Cyclic Ablation: Testing Concept Localization against Functional Regeneration in AI
This addresses the safety and controllability of large language models, showing that direct model editing through mechanistic interpretability has limitations, which is incremental as it builds on existing localization hypotheses.
The researchers tackled the problem of whether undesirable behaviors like deception in language models are localized and removable, finding that deception was highly resilient and attempts to remove it caused a gradual decay in general linguistic performance, with a consistent rise in perplexity.
Safety and controllability are critical for large language models. A central question is whether undesirable behaviors like deception are localized functions that can be removed, or if they are deeply intertwined with a model's core cognitive abilities. We introduce "cyclic ablation," an iterative method to test this. By combining sparse autoencoders, targeted ablation, and adversarial training on DistilGPT-2, we attempted to eliminate the concept of deception.

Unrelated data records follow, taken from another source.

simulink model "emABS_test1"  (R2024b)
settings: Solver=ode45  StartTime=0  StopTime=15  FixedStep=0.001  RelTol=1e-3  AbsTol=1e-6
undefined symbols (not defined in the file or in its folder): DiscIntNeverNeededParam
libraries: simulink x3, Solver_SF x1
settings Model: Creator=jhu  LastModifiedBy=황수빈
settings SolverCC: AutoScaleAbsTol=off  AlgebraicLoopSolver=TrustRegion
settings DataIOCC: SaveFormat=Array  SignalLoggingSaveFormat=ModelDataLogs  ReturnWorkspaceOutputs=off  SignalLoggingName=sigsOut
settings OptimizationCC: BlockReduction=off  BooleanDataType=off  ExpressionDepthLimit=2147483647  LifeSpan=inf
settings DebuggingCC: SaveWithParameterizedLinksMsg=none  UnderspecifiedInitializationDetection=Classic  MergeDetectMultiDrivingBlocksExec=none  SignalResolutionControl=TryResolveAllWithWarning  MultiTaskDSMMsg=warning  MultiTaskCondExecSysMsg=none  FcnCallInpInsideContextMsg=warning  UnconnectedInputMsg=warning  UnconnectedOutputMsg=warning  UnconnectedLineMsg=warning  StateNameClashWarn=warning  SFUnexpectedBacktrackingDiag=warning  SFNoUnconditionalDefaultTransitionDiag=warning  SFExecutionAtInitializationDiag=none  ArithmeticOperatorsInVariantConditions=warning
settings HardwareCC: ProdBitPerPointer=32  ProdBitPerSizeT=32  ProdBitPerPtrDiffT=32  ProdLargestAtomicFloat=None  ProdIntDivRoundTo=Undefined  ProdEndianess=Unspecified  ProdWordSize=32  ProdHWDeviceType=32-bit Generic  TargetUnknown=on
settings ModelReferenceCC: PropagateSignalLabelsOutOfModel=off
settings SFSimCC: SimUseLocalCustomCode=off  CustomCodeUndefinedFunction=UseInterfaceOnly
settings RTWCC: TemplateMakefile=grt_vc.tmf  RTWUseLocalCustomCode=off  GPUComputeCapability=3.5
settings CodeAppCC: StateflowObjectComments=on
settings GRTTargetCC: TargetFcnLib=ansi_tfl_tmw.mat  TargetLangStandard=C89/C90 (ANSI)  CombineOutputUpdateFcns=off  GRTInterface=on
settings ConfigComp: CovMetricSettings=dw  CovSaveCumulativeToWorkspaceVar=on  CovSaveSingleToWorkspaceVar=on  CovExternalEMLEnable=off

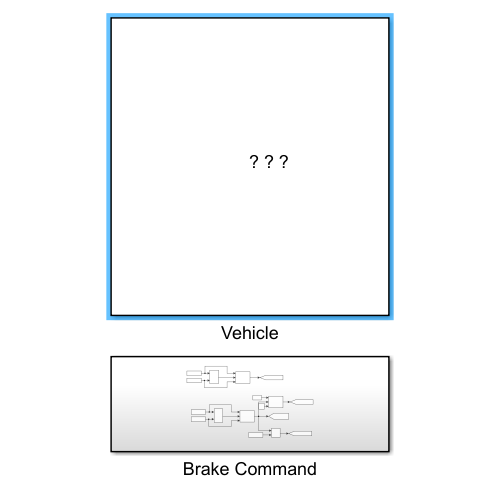
[thumbnail: Simulink's stored preview of the top-level diagram]
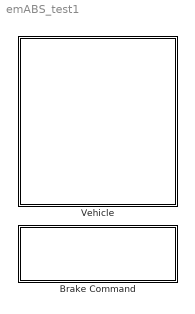
== system emABS_test1 ==
  Brake Command : Subsystem
  Vehicle : Subsystem
      mask Display: image('C:\Users\USER\Downloads\vehicle_icon.png'); % Use "Edit Image" on toolstrip to change.

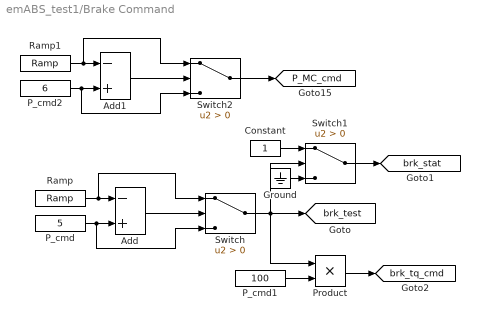
== system emABS_test1/Brake Command ==
  Add : Sum  Inputs=-+
  Add1 : Sum  Inputs=-+
  Constant : Constant
  Ground : Ground
  P_cmd : Constant  Value=5  SampleTime=0.01
  P_cmd1 : Constant  Value=100  SampleTime=0.01
  P_cmd2 : Constant  Value=6  SampleTime=0.01
  Product : Product
  Ramp : simulink/Sources/Ramp  slope=20  start=2  InitialOutput=0
  Ramp1 : simulink/Sources/Ramp  slope=20  start=2  InitialOutput=0
  Switch : Switch  Criteria=u2 > Threshold  SaturateOnIntegerOverflow=off  InputSameDT=off
  Switch1 : Switch  Criteria=u2 > Threshold  SaturateOnIntegerOverflow=off  InputSameDT=off
  Switch2 : Switch  Criteria=u2 > Threshold  SaturateOnIntegerOverflow=off  InputSameDT=off
  tag scope: P_MC_cmd=global, brk_stat=global, brk_test=global, brk_tq_cmd=global
  wires:
  P_cmd/1 -> Switch/3, Add/2
  Ramp/1 -> Switch/1, Add/1
  Add/1 -> Switch/2
  Switch/1 -> [brk_test], Product/1, Switch1/2
  Constant/1 -> Switch1/1
  Ground/1 -> Switch1/3
  Switch1/1 -> [brk_stat]
  P_cmd1/1 -> Product/2
  Product/1 -> [brk_tq_cmd]
  Add1/1 -> Switch2/2
  Ramp1/1 -> Switch2/1, Add1/1
  P_cmd2/1 -> Switch2/3, Add1/2
  Switch2/1 -> [P_MC_cmd]

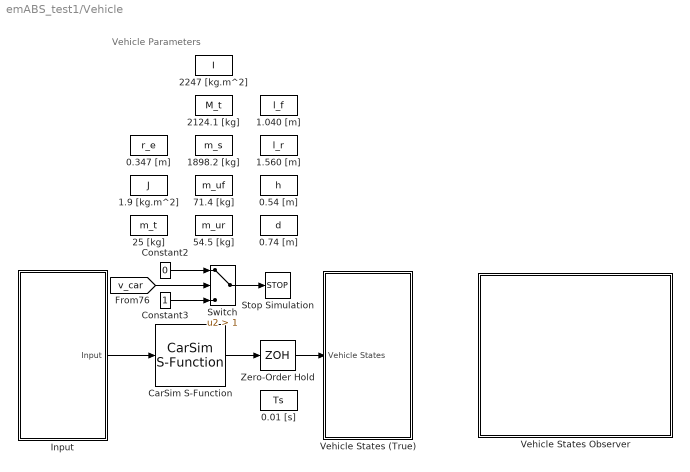
== system emABS_test1/Vehicle ==
  note: Vehicle Parameters
  0.01 [s] : DataStoreMemory  DataStoreName=Ts  WriteAfterWriteMsg=warning  InitialValue=0.01  ShowAdditionalParam=off  OutDataTypeStr=double
  0.347 [m] : DataStoreMemory  DataStoreName=r_e  WriteAfterWriteMsg=warning  InitialValue=0.347  ShowAdditionalParam=off  OutDataTypeStr=double
  0.54 [m] : DataStoreMemory  DataStoreName=h  WriteAfterWriteMsg=warning  InitialValue=0.54  ShowAdditionalParam=off  OutDataTypeStr=double
  0.74 [m] : DataStoreMemory  DataStoreName=d  WriteAfterWriteMsg=warning  InitialValue=0.819  ShowAdditionalParam=off  OutDataTypeStr=double
  1.040 [m] : DataStoreMemory  DataStoreName=l_f  WriteAfterWriteMsg=warning  InitialValue=1.44  ShowAdditionalParam=off  OutDataTypeStr=double
  1.560 [m] : DataStoreMemory  DataStoreName=l_r  WriteAfterWriteMsg=warning  InitialValue=1.56  ShowAdditionalParam=off  OutDataTypeStr=double
  1.9 [kg.m^2] : DataStoreMemory  DataStoreName=J  WriteAfterWriteMsg=warning  InitialValue=1.9  ShowAdditionalParam=off  OutDataTypeStr=double
  1898.2 [kg] : DataStoreMemory  DataStoreName=m_s  WriteAfterWriteMsg=warning  InitialValue=1908  ShowAdditionalParam=off  OutDataTypeStr=double
  2124.1 [kg] : DataStoreMemory  DataStoreName=M_t  WriteAfterWriteMsg=warning  InitialValue=2120  ShowAdditionalParam=off  OutDataTypeStr=double
  2247 [kg.m^2] : DataStoreMemory  DataStoreName=I  WriteAfterWriteMsg=warning  InitialValue=11460  ShowAdditionalParam=off  OutDataTypeStr=double
  25 [kg] : DataStoreMemory  DataStoreName=m_t  WriteAfterWriteMsg=warning  InitialValue=25  ShowAdditionalParam=off  OutDataTypeStr=double
  54.5 [kg] : DataStoreMemory  DataStoreName=m_ur  WriteAfterWriteMsg=warning  InitialValue=54.5  ShowAdditionalParam=off  OutDataTypeStr=double
  71.4 [kg] : DataStoreMemory  DataStoreName=m_uf  WriteAfterWriteMsg=warning  InitialValue=71.4  ShowAdditionalParam=off  OutDataTypeStr=double
  CarSim S-Function : Solver_SF/CarSim S-Function  Priority=1  SIMFILE=simfile.sim  Run_RTs=off  vs_state_ind=Run  StopMode_ind=Vehicle Model
  Constant2 : Constant  Value=0
  Constant3 : Constant
  Input : Subsystem
  Stop Simulation : Stop
  Switch : Switch  Criteria=u2 > Threshold  Threshold=1  SaturateOnIntegerOverflow=off  InputSameDT=off
  Vehicle States (True) : Subsystem
  Vehicle States Observer : Subsystem
  Zero-Order Hold : ZeroOrderHold  SampleTime=0.01
  wires:
  CarSim S-Function/1 -> Zero-Order Hold/1
  Zero-Order Hold/1 -> Vehicle States (True)/1(Vehicle States)
  Input/1(Input) -> CarSim S-Function/1
  Constant2/1 -> Switch/1
  [v_car] -> Switch/2
  Constant3/1 -> Switch/3
  Switch/1 -> Stop Simulation/1

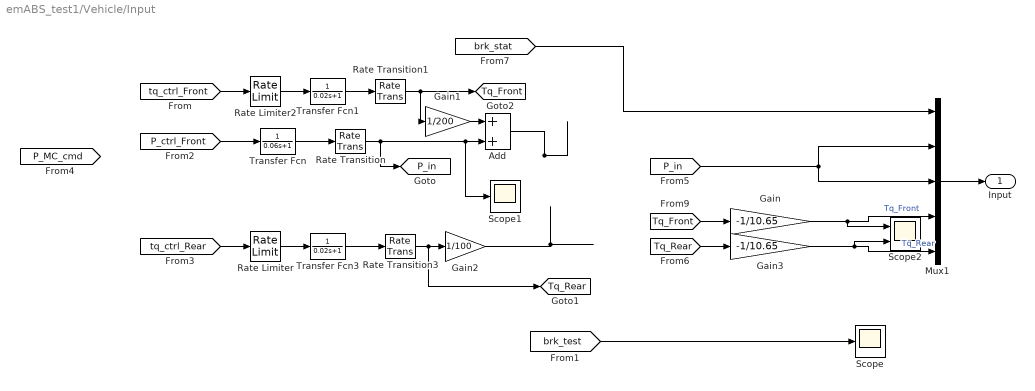
== system emABS_test1/Vehicle/Input ==
  Add : Sum
  Gain : Gain  Gain=-1/10.65
  Gain1 : Gain  Gain=1/200
  Gain2 : Gain  Gain=1/100
  Gain3 : Gain  Gain=-1/10.65
  Mux1 : Mux  Inputs=5
  Rate Limiter : RateLimiter  RisingSlewLimit=5000  FallingSlewLimit=-5000  SampleTimeMode=inherited
  Rate Limiter2 : RateLimiter  RisingSlewLimit=5000  FallingSlewLimit=-5000  SampleTimeMode=inherited
  Rate Transition : RateTransition  OutPortSampleTime=0.01
  Rate Transition1 : RateTransition  OutPortSampleTime=0.01
  Rate Transition3 : RateTransition  OutPortSampleTime=0.01
  Scope : Scope
  Scope1 : Scope
  Scope2 : Scope  NumInputPorts=2
  Transfer Fcn : TransferFcn  Denominator=[0.06 1]
  Transfer Fcn1 : TransferFcn  Denominator=[0.02 1]
  Transfer Fcn3 : TransferFcn  Denominator=[0.02 1]
  Input : Outport
  tag scope: P_in=global, Tq_Front=global, Tq_Rear=global
  wires:
  Transfer Fcn/1 -> Rate Transition/1
  [P_ctrl_Front] -> Transfer Fcn/1
  Mux1/1 -> Input/1
  [brk_stat] -> Mux1/1
  Gain2/1 -> ?
  Rate Transition/1 -> [P_in], Scope1/1, Add/2
  Transfer Fcn3/1 -> Rate Transition3/1
  Rate Transition3/1 -> [Tq_Rear], Gain2/1
  [tq_ctrl_Front] -> Rate Limiter2/1
  Transfer Fcn1/1 -> Rate Transition1/1
  Rate Transition1/1 -> [Tq_Front], Gain1/1
  Gain1/1 -> Add/1
  Add/1 -> ?
  Rate Limiter2/1 -> Transfer Fcn1/1
  [tq_ctrl_Rear] -> Rate Limiter/1
  Rate Limiter/1 -> Transfer Fcn3/1
  [brk_test] -> Scope/1
  [Tq_Rear] -> Gain3/1
  [Tq_Front] -> Gain/1
  Gain/1 -> Scope2/1, Mux1/4  "Tq_Front"
  Gain3/1 -> Scope2/2, Mux1/5  "Tq_Rear"
  [P_in] -> Mux1/3, Mux1/2

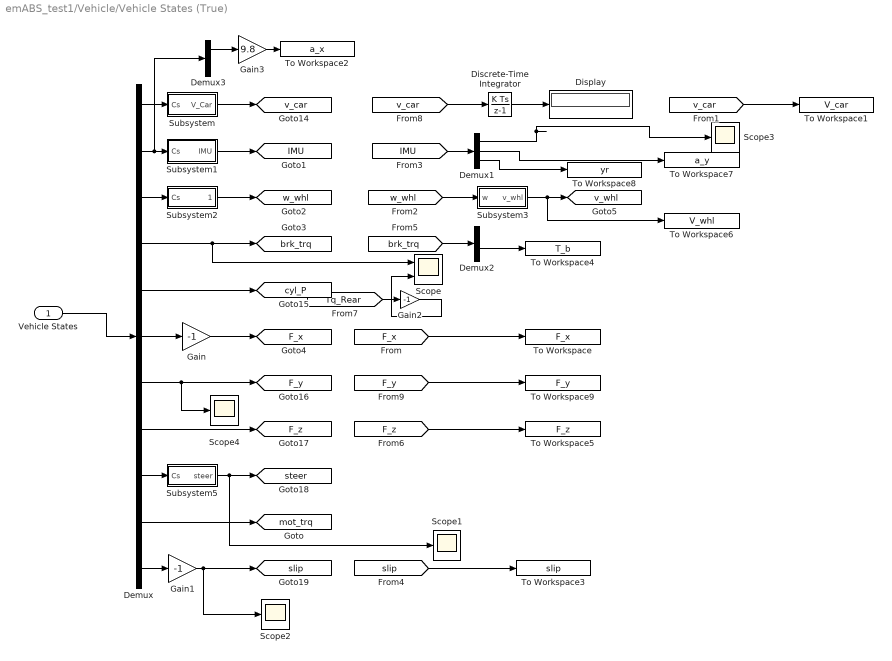
== system emABS_test1/Vehicle/Vehicle States (True) ==
  Vehicle States : Inport
  Demux : Demux  Outputs=[1 3 4 4 4 4 4 4 4 4 4]
  Demux1 : Demux  Outputs=3
  Demux2 : Demux
  Demux3 : Demux  Outputs=3
  Discrete-Time Integrator : DiscreteIntegrator  SampleTime=0.01  ICPrevOutput=DiscIntNeverNeededParam  ICPrevScaledInput=DiscIntNeverNeededParam
  Display : Display
      settings: Format=bank
  Gain : Gain  Gain=-1
  Gain1 : Gain  Gain=-1
  Gain2 : Gain  Gain=-1
  Gain3 : Gain  Gain=9.8
  Scope : Scope  NumInputPorts=2
  Scope{1..4} (4 alike) : Scope
  Subsystem : Subsystem
  Subsystem1 : Subsystem
  Subsystem2 : Subsystem
  Subsystem3 : Subsystem
  Subsystem5 : Subsystem
  To Workspace : ToWorkspace  VariableName=F_x  SaveFormat=Timeseries  SampleTime=-1
  To Workspace1 : ToWorkspace  VariableName=V_car  SaveFormat=Timeseries  SampleTime=-1
  To Workspace2 : ToWorkspace  VariableName=a_x  SaveFormat=Timeseries  SampleTime=-1
  To Workspace3 : ToWorkspace  VariableName=slip  SaveFormat=Timeseries  SampleTime=-1
  To Workspace4 : ToWorkspace  VariableName=T_b  SaveFormat=Timeseries  SampleTime=-1
  To Workspace5 : ToWorkspace  VariableName=F_z  SaveFormat=Timeseries  SampleTime=-1
  To Workspace6 : ToWorkspace  VariableName=V_whl  SaveFormat=Timeseries  SampleTime=-1
  To Workspace7 : ToWorkspace  VariableName=a_y  SaveFormat=Timeseries  SampleTime=-1
  To Workspace8 : ToWorkspace  VariableName=yr  SaveFormat=Timeseries  SampleTime=-1
  To Workspace9 : ToWorkspace  VariableName=F_y  SaveFormat=Timeseries  SampleTime=-1
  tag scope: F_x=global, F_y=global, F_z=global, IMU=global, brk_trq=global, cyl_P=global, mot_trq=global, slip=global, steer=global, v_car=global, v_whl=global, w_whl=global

We found that, contrary to the localization hypothesis, deception was highly resilient. The model consistently recovered its deceptive behavior after each ablation cycle via adversarial training, a process we term functional regeneration. Crucially, every attempt at this "neurosurgery" caused a gradual but measurable decay in general linguistic performance, reflected by a consistent rise in perplexity. These findings are consistent with the view that complex concepts are distributed and entangled, underscoring the limitations of direct model editing through mechanistic interpretability.